Again, from the Grandfather Mountain website: "The purpose of the Man and Biosphere program is to foster harmonious relationships between human beings and their environment. The mission of the Man and Biosphere program is to identify and share information on ways that man can enjoy economic prosperity without destroying the environment. A Biosphere Reserve is not land controlled by the United Nations. Grandfather Mountain Inc. makes its own decisions regarding the operation of its business and management of its resources without any input from the United Nations."

The Great Smoky Mountains are among the oldest in the world, probably formed between 200 and 300 million years ago and are rife with biological diversity. According to the Park website, over 17,000 species have been documented in the park: Scientists believe an additional 30,000-80,000 species may live there. Why such a wondrous diversity? Mountains, glaciers, and weather are the big reasons, the website states. The park is the largest federally protected upland landmass east of the Mississippi River. The Smokies have been relatively undisturbed by glaciers or ocean inundation for over a million years, allowing species eons to diversify.

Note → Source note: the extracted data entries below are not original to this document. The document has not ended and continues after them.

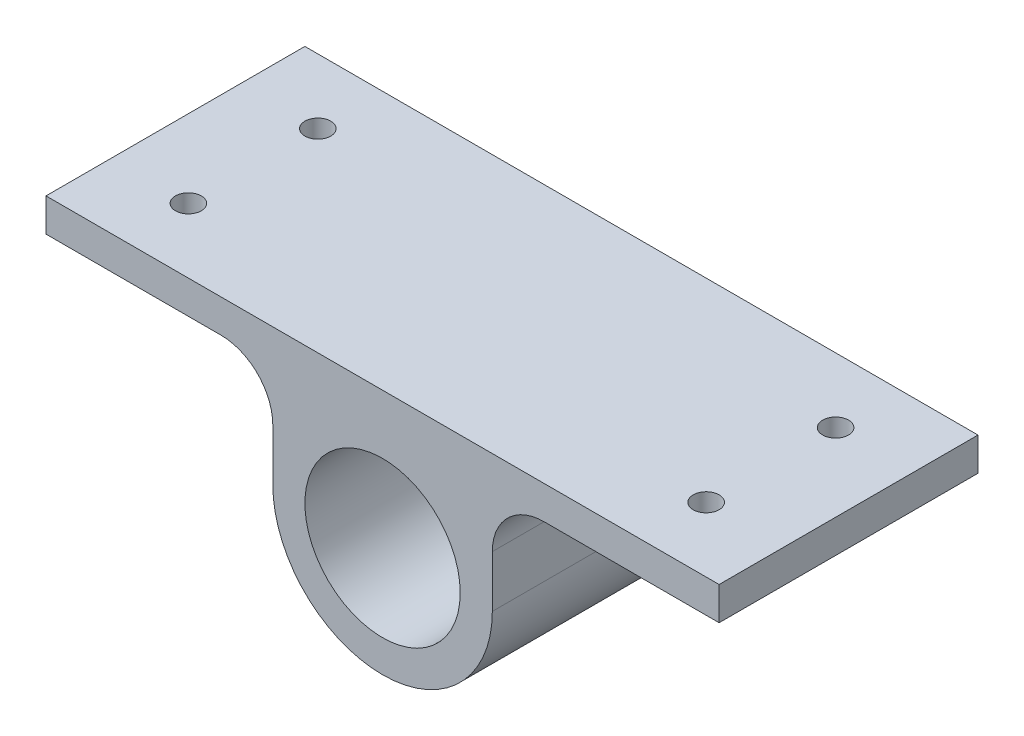
ISO-10303-21;
HEADER;
FILE_DESCRIPTION(('STEP AP214'),'2;1');
FILE_NAME('part.step','',(''),(''),'','','');
FILE_SCHEMA(('AUTOMOTIVE_DESIGN { 1 0 10303 214 1 1 1 1 }'));
ENDSEC;
DATA;
#1=APPLICATION_CONTEXT('core data for automotive mechanical design processes');
#2=APPLICATION_PROTOCOL_DEFINITION('international standard','automotive_design',2000,#1);
#3=PRODUCT_CONTEXT('',#1,'mechanical');
#4=PRODUCT('Part','Part','',(#3));
#5=PRODUCT_RELATED_PRODUCT_CATEGORY('part','',(#4));
#6=PRODUCT_DEFINITION_FORMATION('','',#4);
#7=PRODUCT_DEFINITION_CONTEXT('part definition',#1,'design');
#8=PRODUCT_DEFINITION('design','',#6,#7);
#9=PRODUCT_DEFINITION_SHAPE('','',#8);
#10=(LENGTH_UNIT() NAMED_UNIT(*) SI_UNIT(.MILLI.,.METRE.));
#11=(NAMED_UNIT(*) PLANE_ANGLE_UNIT() SI_UNIT($,.RADIAN.));
#12=(NAMED_UNIT(*) SI_UNIT($,.STERADIAN.) SOLID_ANGLE_UNIT());
#13=UNCERTAINTY_MEASURE_WITH_UNIT(LENGTH_MEASURE(1.E-05),#10,'distance_accuracy_value','');
#14=(GEOMETRIC_REPRESENTATION_CONTEXT(3) GLOBAL_UNCERTAINTY_ASSIGNED_CONTEXT((#13)) GLOBAL_UNIT_ASSIGNED_CONTEXT((#10,
#11,#12)) REPRESENTATION_CONTEXT('',''));
#15=CARTESIAN_POINT('',(0.,0.,0.));
#16=DIRECTION('',(0.,0.,1.));
#17=DIRECTION('',(1.,0.,0.));
#18=AXIS2_PLACEMENT_3D('',#15,#16,#17);
#19=CARTESIAN_POINT('',(-325.,100.,250.));
#20=DIRECTION('',(1.,0.,0.));
#21=DIRECTION('',(0.,0.,-1.));
#22=AXIS2_PLACEMENT_3D('',#19,#20,#21);
#23=PLANE('',#22);
#24=DIRECTION('',(0.,-1.,0.));
#25=VECTOR('',#24,1.);
#26=CARTESIAN_POINT('',(-325.,100.,0.));
#27=LINE('',#26,#25);
#28=CARTESIAN_POINT('',(-325.,132.,0.));
#29=VERTEX_POINT('',#28);
#30=CARTESIAN_POINT('',(-325.,100.,0.));
#31=VERTEX_POINT('',#30);
#32=EDGE_CURVE('E158',#29,#31,#27,.T.);
#33=ORIENTED_EDGE('',*,*,#32,.T.);
#34=DIRECTION('',(0.,0.,-1.));
#35=VECTOR('',#34,1.);
#36=CARTESIAN_POINT('',(-325.,100.,250.));
#37=LINE('',#36,#35);
#38=CARTESIAN_POINT('',(-325.,100.,250.));
#39=VERTEX_POINT('',#38);
#40=EDGE_CURVE('E11',#39,#31,#37,.T.);
#41=ORIENTED_EDGE('',*,*,#40,.F.);
#42=DIRECTION('',(0.,-1.,0.));
#43=VECTOR('',#42,1.);
#44=CARTESIAN_POINT('',(-325.,100.,250.));
#45=LINE('',#44,#43);
#46=CARTESIAN_POINT('',(-325.,132.,250.));
#47=VERTEX_POINT('',#46);
#48=EDGE_CURVE('E186',#47,#39,#45,.T.);
#49=ORIENTED_EDGE('',*,*,#48,.F.);
#50=DIRECTION('',(0.,0.,-1.));
#51=VECTOR('',#50,1.);
#52=CARTESIAN_POINT('',(-325.,132.,250.));
#53=LINE('',#52,#51);
#54=EDGE_CURVE('E154',#47,#29,#53,.T.);
#55=ORIENTED_EDGE('',*,*,#54,.T.);
#56=EDGE_LOOP('',(#33,#41,#49,#55));
#57=FACE_BOUND('',#56,.T.);
#58=ADVANCED_FACE('F43',(#57),#23,.F.);
#59=CARTESIAN_POINT('',(-156.,100.,250.));
#60=DIRECTION('',(0.,1.,0.));
#61=DIRECTION('',(-1.,0.,0.));
#62=AXIS2_PLACEMENT_3D('',#59,#60,#61);
#63=PLANE('',#62);
#64=CARTESIAN_POINT('',(-250.,99.9999999999999,187.5));
#65=DIRECTION('',(0.,1.,0.));
#66=DIRECTION('',(-1.,0.,0.));
#67=AXIS2_PLACEMENT_3D('',#64,#65,#66);
#68=CIRCLE('',#67,12.5);
#69=CARTESIAN_POINT('',(-262.5,99.9999999999999,187.5));
#70=VERTEX_POINT('',#69);
#71=EDGE_CURVE('E245',#70,#70,#68,.T.);
#72=ORIENTED_EDGE('',*,*,#71,.T.);
#73=EDGE_LOOP('',(#72));
#74=FACE_BOUND('',#73,.T.);
#75=CARTESIAN_POINT('',(-250.,99.9999999999999,62.5));
#76=DIRECTION('',(0.,1.,0.));
#77=DIRECTION('',(-1.,0.,0.));
#78=AXIS2_PLACEMENT_3D('',#75,#76,#77);
#79=CIRCLE('',#78,12.5);
#80=CARTESIAN_POINT('',(-262.5,99.9999999999999,62.5));
#81=VERTEX_POINT('',#80);
#82=EDGE_CURVE('E255',#81,#81,#79,.T.);
#83=ORIENTED_EDGE('',*,*,#82,.T.);
#84=EDGE_LOOP('',(#83));
#85=FACE_BOUND('',#84,.T.);
#86=DIRECTION('',(1.,0.,0.));
#87=VECTOR('',#86,1.);
#88=CARTESIAN_POINT('',(-156.,100.,0.));
#89=LINE('',#88,#87);
#90=CARTESIAN_POINT('',(-156.,100.,0.));
#91=VERTEX_POINT('',#90);
#92=EDGE_CURVE('E161',#31,#91,#89,.T.);
#93=ORIENTED_EDGE('',*,*,#92,.T.);
#94=DIRECTION('',(0.,0.,-1.));
#95=VECTOR('',#94,1.);
#96=CARTESIAN_POINT('',(-156.,100.,250.));
#97=LINE('',#96,#95);
#98=CARTESIAN_POINT('',(-156.,100.,250.));
#99=VERTEX_POINT('',#98);
#100=EDGE_CURVE('E52',#99,#91,#97,.T.);
#101=ORIENTED_EDGE('',*,*,#100,.F.);
#102=DIRECTION('',(1.,0.,0.));
#103=VECTOR('',#102,1.);
#104=CARTESIAN_POINT('',(-156.,100.,250.));
#105=LINE('',#104,#103);
#106=EDGE_CURVE('E109',#39,#99,#105,.T.);
#107=ORIENTED_EDGE('',*,*,#106,.F.);
#108=ORIENTED_EDGE('',*,*,#40,.T.);
#109=EDGE_LOOP('',(#93,#101,#107,#108));
#110=FACE_BOUND('',#109,.T.);
#111=ADVANCED_FACE('F274',(#74,#85,#110),#63,.F.);
#112=CARTESIAN_POINT('',(-156.,50.,250.));
#113=DIRECTION('',(0.,0.,-1.));
#114=DIRECTION('',(-1.,0.,0.));
#115=AXIS2_PLACEMENT_3D('',#112,#113,#114);
#116=CYLINDRICAL_SURFACE('',#115,50.);
#117=CARTESIAN_POINT('',(-156.,50.,0.));
#118=DIRECTION('',(0.,0.,-1.));
#119=DIRECTION('',(1.,0.,0.));
#120=AXIS2_PLACEMENT_3D('',#117,#118,#119);
#121=CIRCLE('',#120,50.);
#122=CARTESIAN_POINT('',(-106.,49.9999999999996,0.));
#123=VERTEX_POINT('',#122);
#124=EDGE_CURVE('E165',#91,#123,#121,.T.);
#125=ORIENTED_EDGE('',*,*,#124,.T.);
#126=DIRECTION('',(0.,0.,-1.));
#127=VECTOR('',#126,1.);
#128=CARTESIAN_POINT('',(-106.,49.9999999999996,250.));
#129=LINE('',#128,#127);
#130=CARTESIAN_POINT('',(-106.,49.9999999999996,250.));
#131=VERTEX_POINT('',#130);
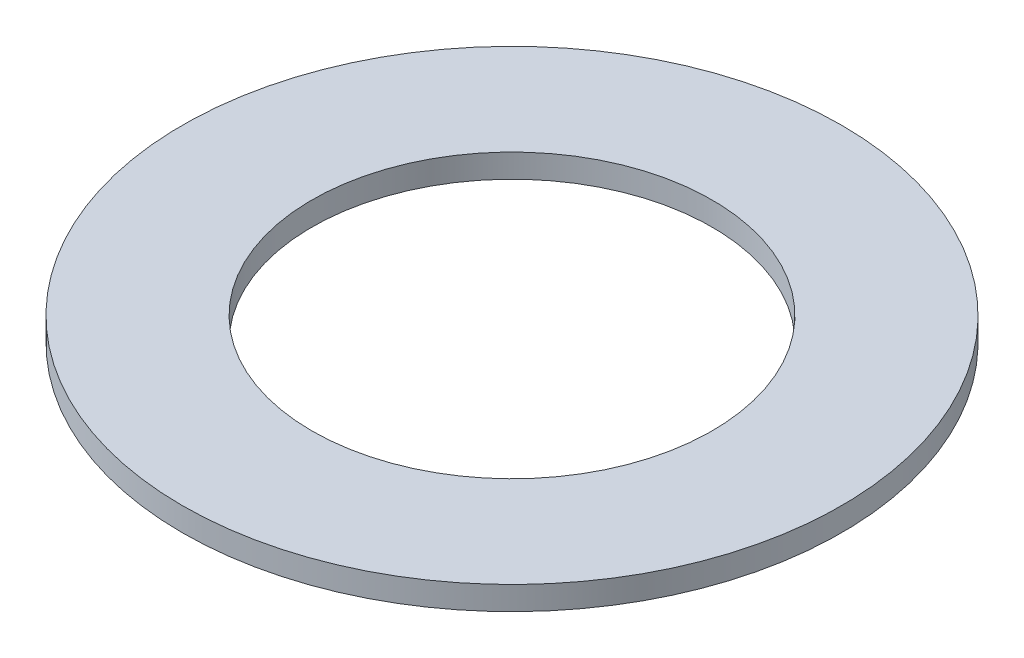
ISO-10303-21;
HEADER;
FILE_DESCRIPTION(('STEP AP214'),'2;1');
FILE_NAME('part.step','',(''),(''),'','','');
FILE_SCHEMA(('AUTOMOTIVE_DESIGN { 1 0 10303 214 1 1 1 1 }'));
ENDSEC;
DATA;
#1=APPLICATION_CONTEXT('core data for automotive mechanical design processes');
#2=APPLICATION_PROTOCOL_DEFINITION('international standard','automotive_design',2000,#1);
#3=PRODUCT_CONTEXT('',#1,'mechanical');
#4=PRODUCT('Part','Part','',(#3));
#5=PRODUCT_RELATED_PRODUCT_CATEGORY('part','',(#4));
#6=PRODUCT_DEFINITION_FORMATION('','',#4);
#7=PRODUCT_DEFINITION_CONTEXT('part definition',#1,'design');
#8=PRODUCT_DEFINITION('design','',#6,#7);
#9=PRODUCT_DEFINITION_SHAPE('','',#8);
#10=(LENGTH_UNIT() NAMED_UNIT(*) SI_UNIT(.MILLI.,.METRE.));
#11=(NAMED_UNIT(*) PLANE_ANGLE_UNIT() SI_UNIT($,.RADIAN.));
#12=(NAMED_UNIT(*) SI_UNIT($,.STERADIAN.) SOLID_ANGLE_UNIT());
#13=UNCERTAINTY_MEASURE_WITH_UNIT(LENGTH_MEASURE(1.E-05),#10,'distance_accuracy_value','');
#14=(GEOMETRIC_REPRESENTATION_CONTEXT(3) GLOBAL_UNCERTAINTY_ASSIGNED_CONTEXT((#13)) GLOBAL_UNIT_ASSIGNED_CONTEXT((#10,
#11,#12)) REPRESENTATION_CONTEXT('',''));
#15=CARTESIAN_POINT('',(0.,0.,0.));
#16=DIRECTION('',(0.,0.,1.));
#17=DIRECTION('',(1.,0.,0.));
#18=AXIS2_PLACEMENT_3D('',#15,#16,#17);
#19=CARTESIAN_POINT('',(0.,5.,0.));
#20=DIRECTION('',(0.,-1.,0.));
#21=DIRECTION('',(0.,0.,-1.));
#22=AXIS2_PLACEMENT_3D('',#19,#20,#21);
#23=CYLINDRICAL_SURFACE('',#22,70.);
#24=CARTESIAN_POINT('',(0.,5.,0.));
#25=DIRECTION('',(0.,1.,0.));
#26=DIRECTION('',(0.,0.,1.));
#27=AXIS2_PLACEMENT_3D('',#24,#25,#26);
#28=CIRCLE('',#27,70.);
#29=CARTESIAN_POINT('',(0.,5.,70.));
#30=VERTEX_POINT('',#29);
#31=EDGE_CURVE('E10',#30,#30,#28,.T.);
#32=ORIENTED_EDGE('',*,*,#31,.F.);
#33=EDGE_LOOP('',(#32));
#34=FACE_BOUND('',#33,.T.);
#35=CARTESIAN_POINT('',(0.,0.,0.));
#36=DIRECTION('',(0.,1.,0.));
#37=DIRECTION('',(0.,0.,1.));
#38=AXIS2_PLACEMENT_3D('',#35,#36,#37);
#39=CIRCLE('',#38,70.);
#40=CARTESIAN_POINT('',(0.,0.,70.));
#41=VERTEX_POINT('',#40);
#42=EDGE_CURVE('E37',#41,#41,#39,.T.);
#43=ORIENTED_EDGE('',*,*,#42,.T.);
#44=EDGE_LOOP('',(#43));
#45=FACE_BOUND('',#44,.T.);
#46=ADVANCED_FACE('F40',(#34,#45),#23,.T.);
#47=CARTESIAN_POINT('',(0.,5.,0.));
#48=DIRECTION('',(0.,1.,0.));
#49=DIRECTION('',(0.,0.,1.));
#50=AXIS2_PLACEMENT_3D('',#47,#48,#49);
#51=PLANE('',#50);
#52=CARTESIAN_POINT('',(0.,5.,0.));
#53=DIRECTION('',(0.,1.,0.));
#54=DIRECTION('',(0.,0.,1.));
#55=AXIS2_PLACEMENT_3D('',#52,#53,#54);
#56=CIRCLE('',#55,42.5);
#57=CARTESIAN_POINT('',(0.,5.,42.5));
#58=VERTEX_POINT('',#57);
#59=EDGE_CURVE('E50',#58,#58,#56,.T.);
#60=ORIENTED_EDGE('',*,*,#59,.F.);
#61=EDGE_LOOP('',(#60));
#62=FACE_BOUND('',#61,.T.);
#63=ORIENTED_EDGE('',*,*,#31,.T.);
#64=EDGE_LOOP('',(#63));
#65=FACE_BOUND('',#64,.T.);
#66=ADVANCED_FACE('F59',(#62,#65),#51,.T.);
#67=CARTESIAN_POINT('',(0.,0.,0.));
#68=DIRECTION('',(0.,1.,0.));
#69=DIRECTION('',(0.,0.,1.));
#70=AXIS2_PLACEMENT_3D('',#67,#68,#69);
#71=PLANE('',#70);
#72=CARTESIAN_POINT('',(0.,0.,0.));
#73=DIRECTION('',(0.,1.,0.));
#74=DIRECTION('',(0.,0.,1.));
#75=AXIS2_PLACEMENT_3D('',#72,#73,#74);
#76=CIRCLE('',#75,42.5);
#77=CARTESIAN_POINT('',(0.,0.,42.5));
#78=VERTEX_POINT('',#77);
#79=EDGE_CURVE('E47',#78,#78,#76,.T.);
#80=ORIENTED_EDGE('',*,*,#79,.T.);
#81=EDGE_LOOP('',(#80));
#82=FACE_BOUND('',#81,.T.);
#83=ORIENTED_EDGE('',*,*,#42,.F.);
#84=EDGE_LOOP('',(#83));
#85=FACE_BOUND('',#84,.T.);
#86=ADVANCED_FACE('F58',(#82,#85),#71,.F.);
#87=CARTESIAN_POINT('',(0.,5.,0.));
#88=DIRECTION('',(0.,-1.,0.));
#89=DIRECTION('',(0.,0.,-1.));
#90=AXIS2_PLACEMENT_3D('',#87,#88,#89);
#91=CYLINDRICAL_SURFACE('',#90,42.5);
#92=ORIENTED_EDGE('',*,*,#59,.T.);
#93=EDGE_LOOP('',(#92));
#94=FACE_BOUND('',#93,.T.);
#95=ORIENTED_EDGE('',*,*,#79,.F.);
#96=EDGE_LOOP('',(#95));
#97=FACE_BOUND('',#96,.T.);
#98=ADVANCED_FACE('F54',(#94,#97),#91,.F.);
#99=CLOSED_SHELL('',(#46,#66,#86,#98));
#100=MANIFOLD_SOLID_BREP('B2',#99);
#101=ADVANCED_BREP_SHAPE_REPRESENTATION('',(#18,#100),#14);
#102=SHAPE_DEFINITION_REPRESENTATION(#9,#101);
ENDSEC;
END-ISO-10303-21;

It seems to me that the designation as World Heritage Site and Biosphere Reserve help foster understanding, increase opportunities for scientific research, bring notoriety to protected areas and thus bring an appreciation of the varied resources we are privileged to enjoy in our back yard.


  1. What a fine article! I am delighted to read it and encouraged. Thank you sweetly. Now.. not to be one of those nay-sayers, but I am sharing with you a link that pertains to this topic. http://www.abc.net.au/news/2014-06-24/unesco-rejects-bid-to-delist-world-heritage-forest/5538946
    Tasmania wanted to de-list two sites and tried. They failed!

  2. Thanks for the link, Dana. Very interesting and certainly proves the point that UNESCO has a say in land and resource management to the extent of being able to decide whether a site is listed or delisted. I don't think you're a nay-sayer by any means and I appreciate the input and encourage a sharing of information to determine pros and cons of any subject.

    Keep in mind that while UNESCO does have the ability to make decisions regarding World Heritage Sites, they have no legal authority in any country. They can only list or delist.

    It seems to me that it's part of the age-old struggle between conservation and development/commerce. Greenpeace vs. whalers, Natural Resources Defense Council vs. Shell Oil in Alaska, UNESCO making the determination in the late '90s that Yellowstone National Park was "in danger" due to the New World/Crown Butte mining proposal that would have allowed gold mining only 3 miles away from the National Park.

    I would think that unless someone wanted to negate the benefits of World Heritage Site protection of environmental resources or land use management in buffer zones and already designated protected areas, they should be all for UNESCO's decision not to delist the Tazmanian forest.